● Aim of the exercise
Please copy out each line of the entries in which "VariableName" appears.

(Given information begins)

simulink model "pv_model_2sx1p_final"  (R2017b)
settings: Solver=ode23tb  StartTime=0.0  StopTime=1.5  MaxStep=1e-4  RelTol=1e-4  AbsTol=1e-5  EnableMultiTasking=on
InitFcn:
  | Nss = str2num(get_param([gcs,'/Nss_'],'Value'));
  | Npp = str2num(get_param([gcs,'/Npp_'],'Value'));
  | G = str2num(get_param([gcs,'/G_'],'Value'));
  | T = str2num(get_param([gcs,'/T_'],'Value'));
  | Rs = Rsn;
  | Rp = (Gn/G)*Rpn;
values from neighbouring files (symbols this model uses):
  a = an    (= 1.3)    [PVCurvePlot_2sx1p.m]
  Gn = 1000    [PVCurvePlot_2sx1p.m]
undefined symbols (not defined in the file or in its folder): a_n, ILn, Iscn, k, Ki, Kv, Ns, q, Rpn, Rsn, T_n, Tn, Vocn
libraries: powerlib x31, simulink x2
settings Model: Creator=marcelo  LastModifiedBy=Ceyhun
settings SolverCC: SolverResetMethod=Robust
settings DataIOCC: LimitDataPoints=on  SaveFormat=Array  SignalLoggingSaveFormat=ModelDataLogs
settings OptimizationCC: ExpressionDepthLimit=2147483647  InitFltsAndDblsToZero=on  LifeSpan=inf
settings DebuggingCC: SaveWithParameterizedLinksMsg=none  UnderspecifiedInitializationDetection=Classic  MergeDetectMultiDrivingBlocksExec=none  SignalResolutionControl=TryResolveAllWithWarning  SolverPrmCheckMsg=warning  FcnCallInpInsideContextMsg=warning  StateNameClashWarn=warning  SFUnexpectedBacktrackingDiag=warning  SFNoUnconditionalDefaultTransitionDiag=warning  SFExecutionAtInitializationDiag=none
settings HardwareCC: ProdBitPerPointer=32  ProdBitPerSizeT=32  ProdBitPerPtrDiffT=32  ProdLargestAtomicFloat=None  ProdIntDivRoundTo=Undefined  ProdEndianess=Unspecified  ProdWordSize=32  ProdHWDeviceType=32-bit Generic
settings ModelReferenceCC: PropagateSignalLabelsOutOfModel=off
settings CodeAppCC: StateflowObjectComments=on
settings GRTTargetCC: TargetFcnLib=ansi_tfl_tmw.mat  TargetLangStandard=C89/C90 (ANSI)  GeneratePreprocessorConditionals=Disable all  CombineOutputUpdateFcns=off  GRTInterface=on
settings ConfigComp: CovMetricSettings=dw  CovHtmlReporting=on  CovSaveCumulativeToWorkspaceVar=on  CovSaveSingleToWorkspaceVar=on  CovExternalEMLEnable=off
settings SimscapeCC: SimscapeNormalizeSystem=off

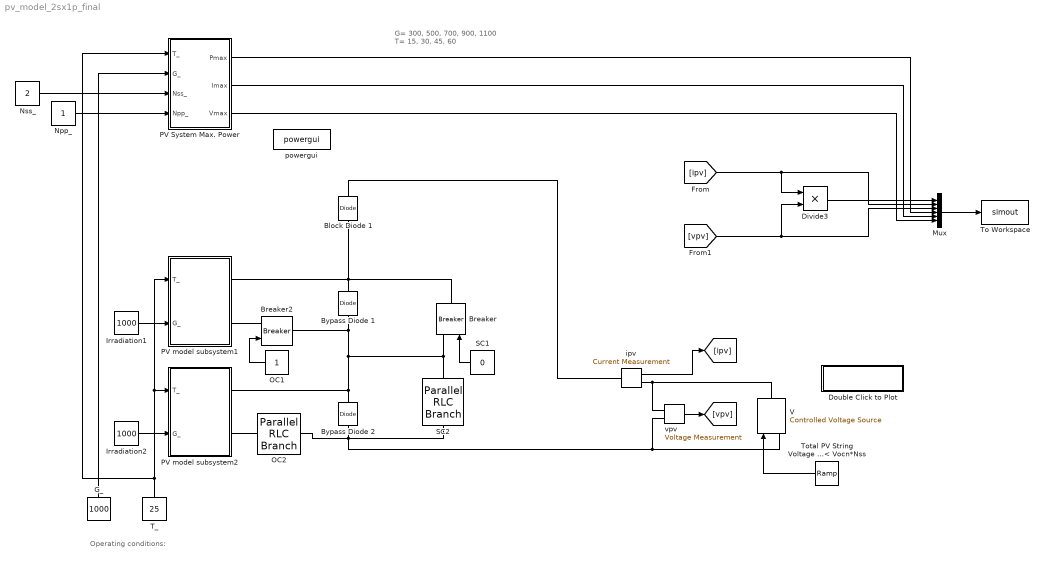
== system pv_model_2sx1p_final ==
  note: G= 300, 500, 700, 900, 1100
      | T= 15, 30, 45, 60
  note: Operating conditions:
  Block Diode 1 : powerlib/Power Electronics/Diode  Ron=0.001  Lon=0  Vf=0.8  IC=0  UseSnubber=off  Rs=500  Cs=250e-9  Measurements=off
  Breaker : powerlib/Elements/Breaker  InitialState=0  SwitchingTimes="[1/60  5/60]"  External=on  BreakerResistance=0.01  SnubberResistance=1e9  SnubberCapacitance=inf  Measurements=None  MoreParameters=on  NoBreakLoop=off
      settings: SourceProductName=Simscape Power Systems
  Breaker2 : powerlib/Elements/Breaker  InitialState=0  SwitchingTimes="[1/60  5/60]"  External=on  BreakerResistance=0.01  SnubberResistance=1e9  SnubberCapacitance=inf  Measurements=None  MoreParameters=on  NoBreakLoop=off
      settings: SourceProductName=Simscape Power Systems
  Bypass Diode 1 : powerlib/Power Electronics/Diode  Ron=0.001  Lon=0  Vf=0.8  IC=0  UseSnubber=off  Rs=500  Cs=250e-9  Measurements=off
  Bypass Diode 2 : powerlib/Power Electronics/Diode  Ron=0.001  Lon=0  Vf=0.8  IC=0  UseSnubber=off  Rs=500  Cs=250e-9  Measurements=off
  Divide3 : Product  Inputs=**
  Double Click to Plot : Subsystem
      settings: OpenFcn=PVCurvePlot_2sx1p
      mask Display: disp('Plot PV Curve');
  G_ : Constant  Value=1000
  Irradiation1 : Constant  Value=1000
  Irradiation2 : Constant  Value=1000
  Mux : Mux  Inputs=6
  Npp_ : Constant
  Nss_ : Constant  Value=2
  OC1 : Constant
  OC2 : powerlib/Elements/Parallel RLC Branch  LConnTagsString=a  RConnTagsString=__new0  BranchType=R  Resistance=0.01  Inductance=1e-3  SetiL0=off  InitialCurrent=0  Capacitance=1e-6  Setx0=off  InitialVoltage=0  Measurements=None
  PV System Max. Power : Subsystem
  PV model subsystem1 : Subsystem
  PV model subsystem2 : Subsystem
  SC1 : Constant  Value=0
  SC2 : powerlib/Elements/Parallel RLC Branch  LConnTagsString=a  RConnTagsString=__new0  BranchType=R  Resistance=1e9  Inductance=1e-3  SetiL0=off  InitialCurrent=0  Capacitance=1e-6  Setx0=off  InitialVoltage=0  Measurements=None
  T_ : Constant  Value=25
  To Workspace : ToWorkspace  VariableName=simout  SampleTime=-1
  Total PV String Voltage 0 < V < Vocn*Nss : simulink/Sources/Ramp  slope=Vocn*2  start=0  X0=0
  V : powerlib/Electrical Sources/Controlled Voltage Source  Initialize=on  Source_Type=DC  Amplitude=0  Phase=0  Frequency=0  Measurements=None
  ipv : powerlib/Measurements/Current Measurement  PhasorSimulation=off  OutputType=Complex  PSBequivalent=0
  powergui : powerlib/powergui  SimulationMode=Continuous  SampleTime=1e-4  frequency=60  Iterations=50  frequencyindice=0  Pbase=100e6  ErrMax=1e-4  UnitsV=kV  UnitsW=MW  buscounter=0  FunctionMessages=off  echomessages=off  EnableUseOfTLC=off  CurrentSourceSwitches=off  DisableSnubberDevices=off  DisableRonSwitches=off  DisableVfSwitches=off  DisplayEquations=off  SolverType=Tustin/Backward Euler (TBE)  Interpol=off  ExternalGateDelay=off  methode=off  Ts=100  x0status=blocks  SPID=on  SwTol=0  HookPort=off  RestoreLinks=warning  ResistiveCurrentMeasurement=off  Frange=[0:2:500]  Ylog=off  Xlog=on  ShowGrid=off  save=off  variable=ZData  structure=0  ZoomFFT=on  StartTime=0.0  cycles=1  DisplayStyle=1  fundamental=60  FreqAxis=off  MaxFrequency=1000  frequencyindicesteady=1  RmsSteady=1  display=off
  vpv : powerlib/Measurements/Voltage Measurement  PhasorSimulation=off  OutputType=Complex  PSBequivalent=0
  wires:
  Total PV String Voltage 0 < V < Vocn*Nss/1 -> V/1
  ipv/1 -> [ipv]
  vpv/1 -> [vpv]
  T_/1 -> PV model subsystem2/1(T_), PV model subsystem1/1(T_), PV System Max. Power/1(T_)
  Irradiation1/1 -> PV model subsystem1/2(G_)
  Irradiation2/1 -> PV model subsystem2/2(G_)
  [ipv] -> Mux/2, Divide3/1
  [vpv] -> Divide3/2, Mux/3
  Divide3/1 -> Mux/1
  Mux/1 -> To Workspace/1
  Nss_/1 -> PV System Max. Power/3(Nss_)
  Npp_/1 -> PV System Max. Power/4(Npp_)
  G_/1 -> PV System Max. Power/2(G_)
  PV System Max. Power/1(Pmax) -> Mux/4
  PV System Max. Power/2(Imax) -> Mux/5
  PV System Max. Power/3(Vmax) -> Mux/6
  SC1/1 -> Breaker/1
  OC1/1 -> Breaker2/1
  connections:
  ipv/RConn1 -- V/RConn1 -- vpv/LConn1
  Bypass Diode 1/RConn1 -- Breaker/RConn1 -- PV model subsystem1/RConn1 -- Block Diode 1/LConn1
  V/LConn1 -- SC2/LConn1 -- OC2/RConn1 -- Bypass Diode 2/LConn1 -- vpv/LConn2
  Bypass Diode 2/RConn1 -- PV model subsystem2/RConn1 -- Breaker2/RConn1 -- Bypass Diode 1/LConn1 -- Breaker/LConn1 -- SC2/RConn1
  Breaker2/LConn1 -- PV model subsystem1/RConn2
  PV model subsystem2/RConn2 -- OC2/LConn1
  Block Diode 1/RConn1 -- ipv/LConn1

== system pv_model_2sx1p_final/Double Click to Plot ==

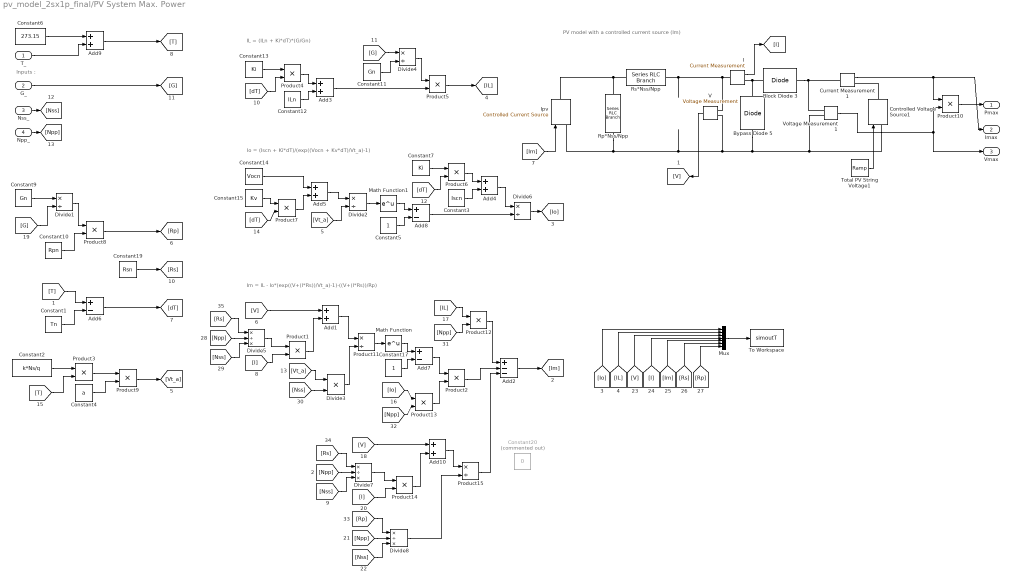
== system pv_model_2sx1p_final/PV System Max. Power ==
  note: Im = IL - Io*(exp((V+(I*Rs))/Vt_a)-1)-((V+(I*Rs))/Rp)
  note: Inputs :
  note: Io = (Iscn + Ki*dT)/(exp((Vocn + Kv*dT)/Vt_a)-1)
  note: PV model with a controlled current source (Im)
  note: IL = (ILn + Ki*dT)*(G/Gn)
  T_ : Inport
  G_ : Inport  Port=2
  Nss_ : Inport  Port=3
  Npp_ : Inport  Port=4
  Add{1,3..5,9..10} (6 alike) : Sum
  Add2 : Sum  Inputs=+--
  Add6 : Sum  Inputs=+-
  Add7 : Sum  Inputs=+-
  Add8 : Sum  Inputs=+-
  Block Diode 3 : powerlib/Power Electronics/Diode  Ron=0.001  Lon=0  Vf=0.8  IC=0  UseSnubber=off  Rs=500  Cs=250e-9  Measurements=off
  Bypass Diode 5 : powerlib/Power Electronics/Diode  Ron=0.001  Lon=0  Vf=0.8  IC=0  UseSnubber=off  Rs=500  Cs=250e-9  Measurements=off
  Constant1 : Constant  Value=Tn
  Constant10 : Constant  Value=Rpn
  Constant11 : Constant  Value=Gn
  Constant12 : Constant  Value=ILn
  Constant13 : Constant  Value=Ki
  Constant14 : Constant  Value=Vocn
  Constant15 : Constant  Value=Kv
  Constant17 : Constant
  Constant19 : Constant  Value=Rsn
  Constant2 : Constant  Value=k*Ns/q
  Constant20 : Constant  Commented=on  Value=0
  Constant3 : Constant  Value=Iscn
  Constant4 : Constant  Value=a
  Constant5 : Constant
  Constant6 : Constant  Value=273.15
  Constant7 : Constant  Value=Ki
  Constant9 : Constant  Value=Gn
  Controlled Voltage Source1 : powerlib/Electrical Sources/Controlled Voltage Source  Initialize=on  Source_Type=DC  Amplitude=0  Phase=0  Frequency=0  Measurements=None
  Current Measurement1 : powerlib/Measurements/Current Measurement  PhasorSimulation=off  OutputType=Complex  PSBequivalent=0
  Divide{1..2,4,6} (4 alike) : Product  Inputs=*/
  Divide3 : Product
  Divide5 : Product  Inputs=*/*
  Divide7 : Product  Inputs=*/*
  Divide8 : Product  Inputs=*/*
  I : powerlib/Measurements/Current Measurement  PhasorSimulation=off  OutputType=Complex  PSBequivalent=0
  Ipv : powerlib/Electrical Sources/Controlled Current Source  Initialize=on  Source_Type=DC  Amplitude=0  Phase=0  Frequency=0  Measurements=None
  Math Function : Math  SaturateOnIntegerOverflow=on
  Math Function1 : Math  SaturateOnIntegerOverflow=on
  Mux : Mux  Inputs=7
  Product{1..9,12..14} (12 alike) : Product  RndMeth=Zero
  Product10 : Product
  Product11 : Product  Inputs=*/  RndMeth=Zero
  Product15 : Product  Inputs=*/  RndMeth=Zero
  Rp*Nss/Npp : powerlib/Elements/Series RLC Branch  LConnTagsString=__new0  RConnTagsString=__new0  BranchType=R  Resistance=Rp*Nss/Npp  Inductance=1e-3  SetiL0=off  InitialCurrent=0  Capacitance=1e-6  Setx0=off  InitialVoltage=0  Measurements=None
  Rs*Nss/Npp : powerlib/Elements/Series RLC Branch  LConnTagsString=__new0  RConnTagsString=__new0  BranchType=R  Resistance=Rs*Nss/Npp  Inductance=1e-3  SetiL0=off  InitialCurrent=0  Capacitance=1e-6  Setx0=off  InitialVoltage=0  Measurements=None
  To Workspace : ToWorkspace  VariableName=simoutT  SampleTime=-1
  Total PV String Voltage1 : simulink/Sources/Ramp  slope=Vocn*Nss  start=0  X0=0
  "V " : powerlib/Measurements/Voltage Measurement  PhasorSimulation=off  OutputType=Complex  PSBequivalent=0
  Voltage Measurement1 : powerlib/Measurements/Voltage Measurement  PhasorSimulation=off  OutputType=Complex  PSBequivalent=0
  Pmax : Outport
  Imax : Outport  Port=2
  Vmax : Outport  Port=3
  wires:
  I/1 -> [I]
  "V "/1 -> [V]
  [Im] -> Ipv/1
  G_/1 -> [G]
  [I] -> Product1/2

(Given information ends)

● Answer
  To Workspace : ToWorkspace  VariableName=simout  SampleTime=-1
  To Workspace : ToWorkspace  VariableName=simoutT  SampleTime=-1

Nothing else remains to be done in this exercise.